Sunday, May 19, 2013

The Pros & Cons of Debt Management Programs

The Pros & Cons of Debt Management Programs

Consumers who feel as though their personal debt is getting out of control might decide to look into a debt-management program as a solution. According to Consumer Reports, while the lure of debt-management programs might be tempting, the reality could wind up being something different. Research debt-management programs to understand the pros and cons of becoming involved in one.

Negotiation Help

    According to the Federal Trade Commission, one of the benefits of a debt-management program is it can help you get control of your debt if you are unable to on your own. Many consumers feel intimidated by the thought of having to talk to their creditors and work out their own debt-management program.

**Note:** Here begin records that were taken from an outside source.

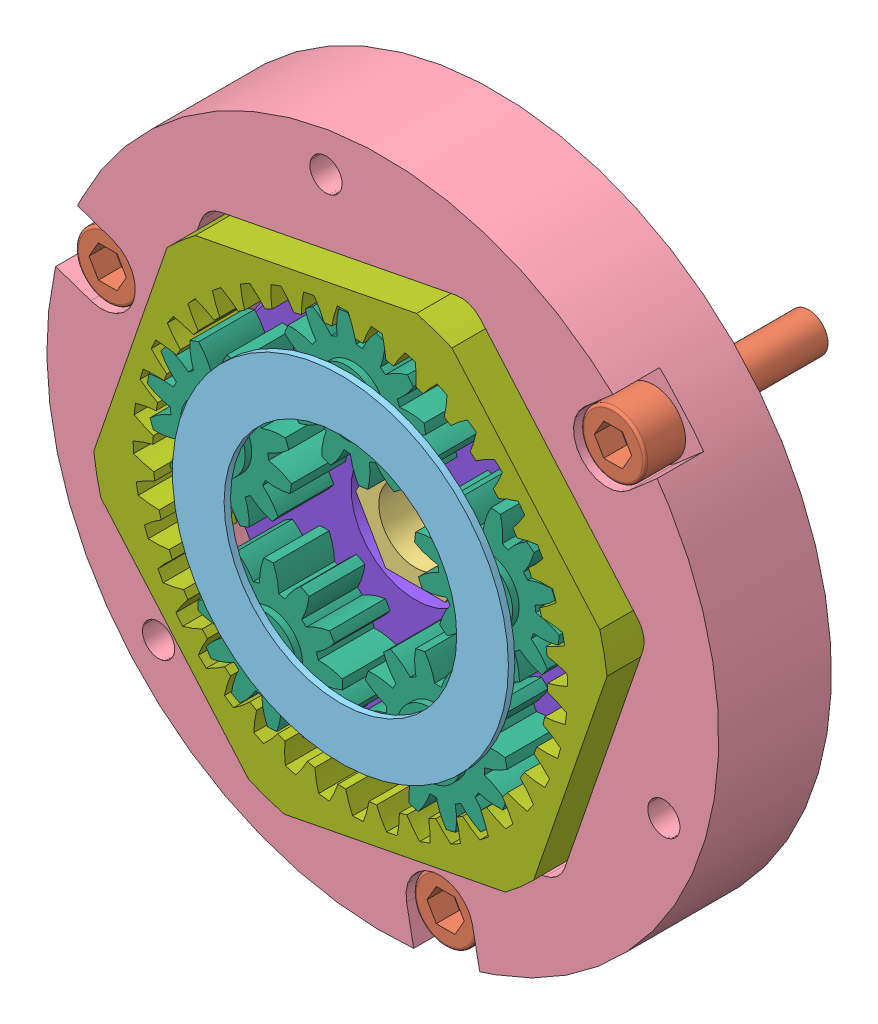
SolidWorks assembly GEM+Single+Stage, configuration Default. Lengths in mm.
Overall size (96.8 96.8 30).
18 component instances, 8 part files, 0 mates.
Components (placement in the parent):
- GEM Dowel-1: GEM Dowel [Default] at (-16.4188 5.3615 0) x (-0.809017 0.587785 0) z (0 0 1) size (4.76 4.76 11.11)
- SHCS 10-32 x 0.75-1: SHCS 10-32 x 0.75 [Default] at (6.9779 -35.8395 2.6035) size (7.85 7.85 24.03)
- GEM SUN Gear 15t-1: GEM SUN Gear 15t [Default] x (0.5 0.866025 0) z (0 0 -1) size (21.56 21.46 13.06)
- GEM Dowel-2: GEM Dowel [Default] at (16.4345 5.3132 0) x (0.309017 -0.951057 0) z (0 0 1) size (4.76 4.76 11.11)
- GEM Stage Housing-1: GEM Stage Housing [Default] at (0 0 -5.5245) x (0.981569 0.191109 0) z (0 0 1) size (82.55 82.55 13.84)
- SHCS 10-32 x 0.75-2: SHCS 10-32 x 0.75 [Default] at (27.549 23.9628 2.6035) x (-0.5 0.866025 0) z (0 0 1) size (7.85 7.85 24.03)
- GEM Ring Bushing-1: GEM Ring Bushing [Default] at (7.9656 -20.0165 13.5509) size (41.27 41.27 0.79)
- GEM Spur Gear 12t-1: GEM Spur Gear 12t [Default] at (-16.4188 5.3615 11.9697) x (-0.348663 0.937248 0) z (0 0 -1) size (17.78 17.78 8.45)
- GEM Spur Gear 12t-2: GEM Spur Gear 12t [Default] at (10.1317 -13.9883 11.9697) x (-0.304784 -0.952422 0) z (0 0 -1) size (17.78 17.78 8.45)
- GEM Dowel-3: GEM Dowel [Default] at (0.0254 17.272 0) x (0.309017 0.951057 0) z (0 0 1) size (4.76 4.76 11.11)
- GEM Spur Gear 12t-3: GEM Spur Gear 12t [Default] at (16.4345 5.3132 11.9697) x (0.601687 0.798732 0) z (0 0 -1) size (17.78 17.78 8.45)
- GEM Dowel-4: GEM Dowel [Default] at (-10.1728 -13.9584 0) x (-0.809017 -0.587785 0) z (0 0 1) size (4.76 4.76 11.11)
- GEM Ring Gear-1: GEM Ring Gear [Default] at (-0.0477 -0.1387 4.318) x (0.191109 -0.981569 0) z (0 0 -1) size (57.15 63.5 7.94)
- GEM Spur Gear 12t-4: GEM Spur Gear 12t [Default] at (-10.1728 -13.9584 11.9697) x (-0.99971 -0.024068 0) z (0 0 -1) size (17.78 17.78 8.45)
- GEM Carrier Plate-1: GEM Carrier Plate [Default] at origin size (47.57 47.57 4.47)
- GEM Dowel-5: GEM Dowel [Default] at (10.1317 -13.9883 0) size (4.76 4.76 11.11)
- SHCS 10-32 x 0.75-3: SHCS 10-32 x 0.75 [Default] at (-34.5269 11.8768 2.6035) x (-0.5 -0.866025 0) z (0 0 1) size (7.85 7.85 24.03)
- GEM Spur Gear 12t-5: GEM Spur Gear 12t [Default] at (0.0254 17.272 11.9697) x (0.926545 -0.376185 0) z (0 0 -1) size (17.78 17.78 8.45)

When you contract the services of a debt-management counselor, they do the work and negotiation for you and get you on a plan that fits your budget.

Experience

    One advantage to using a debt-counseling service and a debt-management program is the benefit of the counseling service's experience, according to Investopedia. In researching debt-counseling services, you should look for a professional who has the proper certifications, experience and is certified by the National Association of Financial Planners or other reputable, national organization. This allows you to check on the experience of the financial professional and find one who gives you confidence.

Credit Freeze

    According to online financial resource Bankrate, when you become involved in a debt-management program, your credit accounts are frozen while you pay them off. Creditors will refrain from giving you new credit until after you have paid off your debt-management program and have shown a record of on-time payments for 12 to 24 months after your program ends. This means if you need a car loan, credit card or mortgage, you might run into problems for up to seven years.

Default

    According to Consumer Reports, your debt-management plan might include debt consolidation. While debt consolidation can help lower your obligations and interest debt, it also pulls all of your debt together under one loan. If you default on your consolidation program, you are defaulting on any account in the consolidation. For example, if you take out a second mortgage as part of your debt-management program and you roll your car loan into that as well, if you default on your consolidation program, you are also defaulting on your car and house payments instead of dealing with them individually.